Meinert and his colleagues use their tweezers to study Rydberg atoms that have electrons excited to high energy quantum states, up to 10,000 times farther away from atomic cores than normal. When manipulated into two-dimensional arrays, the exaggerated dipole moments found in Rydberg atoms can block neighbouring atoms from responding to laser excitation: actions that can form the basis of logic gates involving qubit arrays ten times larger than the IBM- Fraunhofer computer.

“You can apply radio frequencies to split the optical beams, and then you have hundreds of traps from a single initial laser,” explains Meinert. “If you have strong enough interaction between the Rydberg states, you can make this blockade almost perfect.”

Priyadharshini Balasubramanian manipulates a confocal microscope, to study the nanodiamonds that are part of the quantum sensor.Credit: IQST

Quantum diamonds

IQST takes an interdisciplinary approach to tackling quantum technology problems. Priyadharshini Balasubramanian, an IQST researcher at Ulm University, exemplifies this. Trained as a physicist in India, Balasubramanian works alongside biomedical scientists and engineers as she develops diamond-based quantum sensors that run at ambient temperatures.

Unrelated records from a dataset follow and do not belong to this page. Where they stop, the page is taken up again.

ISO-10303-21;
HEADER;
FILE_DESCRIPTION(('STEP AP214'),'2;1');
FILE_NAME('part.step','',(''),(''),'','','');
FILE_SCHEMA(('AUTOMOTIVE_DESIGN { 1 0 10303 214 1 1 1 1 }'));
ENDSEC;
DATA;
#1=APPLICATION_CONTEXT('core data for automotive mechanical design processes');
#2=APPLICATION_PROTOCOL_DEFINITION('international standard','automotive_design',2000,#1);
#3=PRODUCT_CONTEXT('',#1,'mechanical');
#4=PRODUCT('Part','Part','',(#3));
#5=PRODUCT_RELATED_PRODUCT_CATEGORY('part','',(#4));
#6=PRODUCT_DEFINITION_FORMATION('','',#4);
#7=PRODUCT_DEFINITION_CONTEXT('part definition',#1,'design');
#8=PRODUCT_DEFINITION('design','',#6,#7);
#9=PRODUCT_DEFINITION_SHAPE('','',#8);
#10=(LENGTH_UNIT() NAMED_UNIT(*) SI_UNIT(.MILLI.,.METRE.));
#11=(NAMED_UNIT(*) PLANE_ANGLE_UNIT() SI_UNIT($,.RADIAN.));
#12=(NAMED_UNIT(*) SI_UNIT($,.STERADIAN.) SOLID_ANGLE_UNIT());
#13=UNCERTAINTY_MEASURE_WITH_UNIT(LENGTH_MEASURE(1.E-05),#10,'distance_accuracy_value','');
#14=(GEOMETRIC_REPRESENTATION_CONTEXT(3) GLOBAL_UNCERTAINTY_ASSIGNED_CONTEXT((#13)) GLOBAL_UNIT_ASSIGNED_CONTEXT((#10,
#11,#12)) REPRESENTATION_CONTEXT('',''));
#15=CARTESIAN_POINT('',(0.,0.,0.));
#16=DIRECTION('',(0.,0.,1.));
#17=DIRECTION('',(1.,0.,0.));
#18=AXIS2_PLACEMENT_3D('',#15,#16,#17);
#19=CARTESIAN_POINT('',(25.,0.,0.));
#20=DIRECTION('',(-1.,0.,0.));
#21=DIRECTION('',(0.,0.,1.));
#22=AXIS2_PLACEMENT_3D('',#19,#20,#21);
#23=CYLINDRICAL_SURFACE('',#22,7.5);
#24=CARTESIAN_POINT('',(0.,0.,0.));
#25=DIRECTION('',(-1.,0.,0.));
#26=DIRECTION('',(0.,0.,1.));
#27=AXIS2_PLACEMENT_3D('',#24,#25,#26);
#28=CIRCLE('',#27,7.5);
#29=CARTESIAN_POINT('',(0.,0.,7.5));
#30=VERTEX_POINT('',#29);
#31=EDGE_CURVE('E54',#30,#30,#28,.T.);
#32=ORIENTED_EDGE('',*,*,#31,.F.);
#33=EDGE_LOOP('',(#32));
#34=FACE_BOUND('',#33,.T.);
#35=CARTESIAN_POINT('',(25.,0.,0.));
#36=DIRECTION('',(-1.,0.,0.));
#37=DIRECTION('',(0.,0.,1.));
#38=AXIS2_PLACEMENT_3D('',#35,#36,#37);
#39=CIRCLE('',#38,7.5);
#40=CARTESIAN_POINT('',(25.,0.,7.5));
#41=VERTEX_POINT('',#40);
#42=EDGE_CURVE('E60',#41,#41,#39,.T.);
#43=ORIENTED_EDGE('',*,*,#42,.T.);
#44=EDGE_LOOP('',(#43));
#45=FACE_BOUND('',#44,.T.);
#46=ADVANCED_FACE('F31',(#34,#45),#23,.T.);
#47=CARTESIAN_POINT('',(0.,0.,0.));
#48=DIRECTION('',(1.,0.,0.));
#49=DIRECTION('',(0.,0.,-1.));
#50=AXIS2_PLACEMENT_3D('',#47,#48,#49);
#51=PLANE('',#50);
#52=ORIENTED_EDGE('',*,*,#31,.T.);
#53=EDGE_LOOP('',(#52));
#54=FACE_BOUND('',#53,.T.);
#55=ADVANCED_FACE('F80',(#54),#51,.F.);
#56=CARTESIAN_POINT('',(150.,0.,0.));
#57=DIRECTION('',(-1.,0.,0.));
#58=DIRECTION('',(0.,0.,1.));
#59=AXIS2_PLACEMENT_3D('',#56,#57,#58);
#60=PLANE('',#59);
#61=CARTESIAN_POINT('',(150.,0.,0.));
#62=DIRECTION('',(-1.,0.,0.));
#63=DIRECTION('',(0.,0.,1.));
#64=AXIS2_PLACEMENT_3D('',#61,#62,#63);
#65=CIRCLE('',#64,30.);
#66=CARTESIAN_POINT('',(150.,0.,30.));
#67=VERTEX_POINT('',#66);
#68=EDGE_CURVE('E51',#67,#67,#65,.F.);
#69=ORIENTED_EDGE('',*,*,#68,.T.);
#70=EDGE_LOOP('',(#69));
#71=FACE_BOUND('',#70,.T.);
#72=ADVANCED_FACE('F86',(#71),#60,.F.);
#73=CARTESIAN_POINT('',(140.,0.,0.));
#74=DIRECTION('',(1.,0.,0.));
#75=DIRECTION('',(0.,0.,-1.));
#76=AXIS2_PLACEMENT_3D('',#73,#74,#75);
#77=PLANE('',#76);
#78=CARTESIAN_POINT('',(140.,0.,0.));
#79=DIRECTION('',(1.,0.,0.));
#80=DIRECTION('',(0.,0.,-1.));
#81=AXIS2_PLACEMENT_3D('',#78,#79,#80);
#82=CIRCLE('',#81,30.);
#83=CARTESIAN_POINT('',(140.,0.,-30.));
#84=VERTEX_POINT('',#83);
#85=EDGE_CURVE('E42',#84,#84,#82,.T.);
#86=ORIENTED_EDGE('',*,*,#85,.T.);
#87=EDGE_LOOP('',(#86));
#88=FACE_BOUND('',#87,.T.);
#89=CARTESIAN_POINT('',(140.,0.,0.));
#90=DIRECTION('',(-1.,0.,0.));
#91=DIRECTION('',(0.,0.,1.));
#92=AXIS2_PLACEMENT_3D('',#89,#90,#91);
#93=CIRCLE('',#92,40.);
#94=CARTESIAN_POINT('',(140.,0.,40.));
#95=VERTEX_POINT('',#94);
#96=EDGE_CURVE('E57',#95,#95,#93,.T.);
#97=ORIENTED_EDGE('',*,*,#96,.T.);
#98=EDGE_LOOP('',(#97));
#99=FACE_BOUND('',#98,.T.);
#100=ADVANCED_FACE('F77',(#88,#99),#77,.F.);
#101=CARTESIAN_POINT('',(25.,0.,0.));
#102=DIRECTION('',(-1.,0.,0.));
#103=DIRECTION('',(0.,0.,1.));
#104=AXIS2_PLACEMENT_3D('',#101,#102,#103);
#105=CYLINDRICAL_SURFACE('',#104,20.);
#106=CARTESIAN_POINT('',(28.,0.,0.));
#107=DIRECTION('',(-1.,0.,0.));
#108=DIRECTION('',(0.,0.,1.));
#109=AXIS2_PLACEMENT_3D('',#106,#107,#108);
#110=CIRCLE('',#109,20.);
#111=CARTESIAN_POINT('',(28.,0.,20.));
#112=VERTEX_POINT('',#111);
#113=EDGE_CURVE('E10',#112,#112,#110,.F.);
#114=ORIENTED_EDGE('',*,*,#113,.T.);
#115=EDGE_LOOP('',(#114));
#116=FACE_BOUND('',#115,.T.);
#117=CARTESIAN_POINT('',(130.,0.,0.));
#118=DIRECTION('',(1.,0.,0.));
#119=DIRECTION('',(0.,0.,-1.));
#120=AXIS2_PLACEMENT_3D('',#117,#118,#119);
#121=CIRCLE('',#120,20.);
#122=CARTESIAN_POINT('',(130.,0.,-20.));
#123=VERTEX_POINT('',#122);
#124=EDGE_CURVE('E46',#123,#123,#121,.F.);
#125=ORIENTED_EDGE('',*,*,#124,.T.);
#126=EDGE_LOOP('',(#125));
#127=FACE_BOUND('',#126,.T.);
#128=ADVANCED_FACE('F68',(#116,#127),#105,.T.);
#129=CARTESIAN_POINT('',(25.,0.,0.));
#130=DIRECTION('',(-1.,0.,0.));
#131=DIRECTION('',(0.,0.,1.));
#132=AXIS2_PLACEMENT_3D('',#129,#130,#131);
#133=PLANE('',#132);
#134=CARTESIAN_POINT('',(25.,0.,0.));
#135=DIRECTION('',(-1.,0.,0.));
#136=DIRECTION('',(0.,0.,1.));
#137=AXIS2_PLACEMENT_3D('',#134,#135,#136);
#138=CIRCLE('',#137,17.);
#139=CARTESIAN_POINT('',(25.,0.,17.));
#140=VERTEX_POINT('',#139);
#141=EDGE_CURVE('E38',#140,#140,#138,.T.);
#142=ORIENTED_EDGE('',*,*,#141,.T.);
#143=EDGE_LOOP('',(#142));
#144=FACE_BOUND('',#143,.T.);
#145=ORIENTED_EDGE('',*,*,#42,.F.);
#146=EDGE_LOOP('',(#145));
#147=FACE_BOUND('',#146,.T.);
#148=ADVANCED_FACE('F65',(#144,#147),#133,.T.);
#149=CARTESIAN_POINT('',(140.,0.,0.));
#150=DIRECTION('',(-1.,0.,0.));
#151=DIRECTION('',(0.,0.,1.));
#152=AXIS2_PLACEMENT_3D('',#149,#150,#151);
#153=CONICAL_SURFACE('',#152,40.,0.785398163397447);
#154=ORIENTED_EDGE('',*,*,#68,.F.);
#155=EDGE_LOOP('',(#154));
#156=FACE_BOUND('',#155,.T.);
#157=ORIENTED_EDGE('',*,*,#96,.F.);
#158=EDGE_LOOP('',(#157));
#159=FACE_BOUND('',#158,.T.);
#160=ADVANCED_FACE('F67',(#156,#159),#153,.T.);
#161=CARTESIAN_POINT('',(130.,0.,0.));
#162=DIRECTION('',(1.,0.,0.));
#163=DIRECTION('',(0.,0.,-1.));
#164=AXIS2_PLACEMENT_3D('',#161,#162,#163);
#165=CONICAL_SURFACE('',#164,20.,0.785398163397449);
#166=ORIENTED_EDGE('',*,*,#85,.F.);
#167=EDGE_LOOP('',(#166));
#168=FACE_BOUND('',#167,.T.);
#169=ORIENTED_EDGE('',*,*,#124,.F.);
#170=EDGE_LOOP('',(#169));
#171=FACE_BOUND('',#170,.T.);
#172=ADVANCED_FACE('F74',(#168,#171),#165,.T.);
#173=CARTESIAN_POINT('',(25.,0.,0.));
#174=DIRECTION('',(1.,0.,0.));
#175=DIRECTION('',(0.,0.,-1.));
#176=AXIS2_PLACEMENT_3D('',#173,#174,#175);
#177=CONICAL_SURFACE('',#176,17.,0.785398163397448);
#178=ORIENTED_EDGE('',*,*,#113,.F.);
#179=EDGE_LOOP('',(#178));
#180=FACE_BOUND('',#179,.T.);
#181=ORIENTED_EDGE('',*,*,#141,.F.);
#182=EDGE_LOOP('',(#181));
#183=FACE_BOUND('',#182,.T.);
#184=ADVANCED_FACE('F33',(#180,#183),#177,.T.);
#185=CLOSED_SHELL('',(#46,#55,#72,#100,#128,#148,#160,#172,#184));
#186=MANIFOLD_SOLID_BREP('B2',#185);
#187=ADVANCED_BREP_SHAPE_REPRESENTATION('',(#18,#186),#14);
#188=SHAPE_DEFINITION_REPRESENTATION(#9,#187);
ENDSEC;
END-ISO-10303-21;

“We study diamonds where two carbon atoms are replaced by nitrogen and a vacancy site,” says Balasubramanian. “They have localized electrons with magnetic properties that we use for high resolution sensing.”

The team uses their diamonds as nanoscale thermometers to gauge how effectively photothermal therapies heat up and kill cancer cells. In addition, attaching specific DNA strands to the diamond surface enables the device to identify cancers from an early stage.

“The advantage of this sensor is you can bring it right to the target — you don't need a lot of these mutations to detect if something’s wrong,” says Balasubramanian.

IQST’s approach is attracting attention: in recent years, it has had five research fellows among the most cited researchers world-wide. And with Baden-Württemberg pledging up to €40 million in quantum technology investments by 2024, the region’s appeal is hard to miss. “I used the grant I got from IQST to start a second project on quantum simulations,” says Meinert. “It’s actually cool to see that many of our quantum computer ideas started with the questions I was asking the simulator.”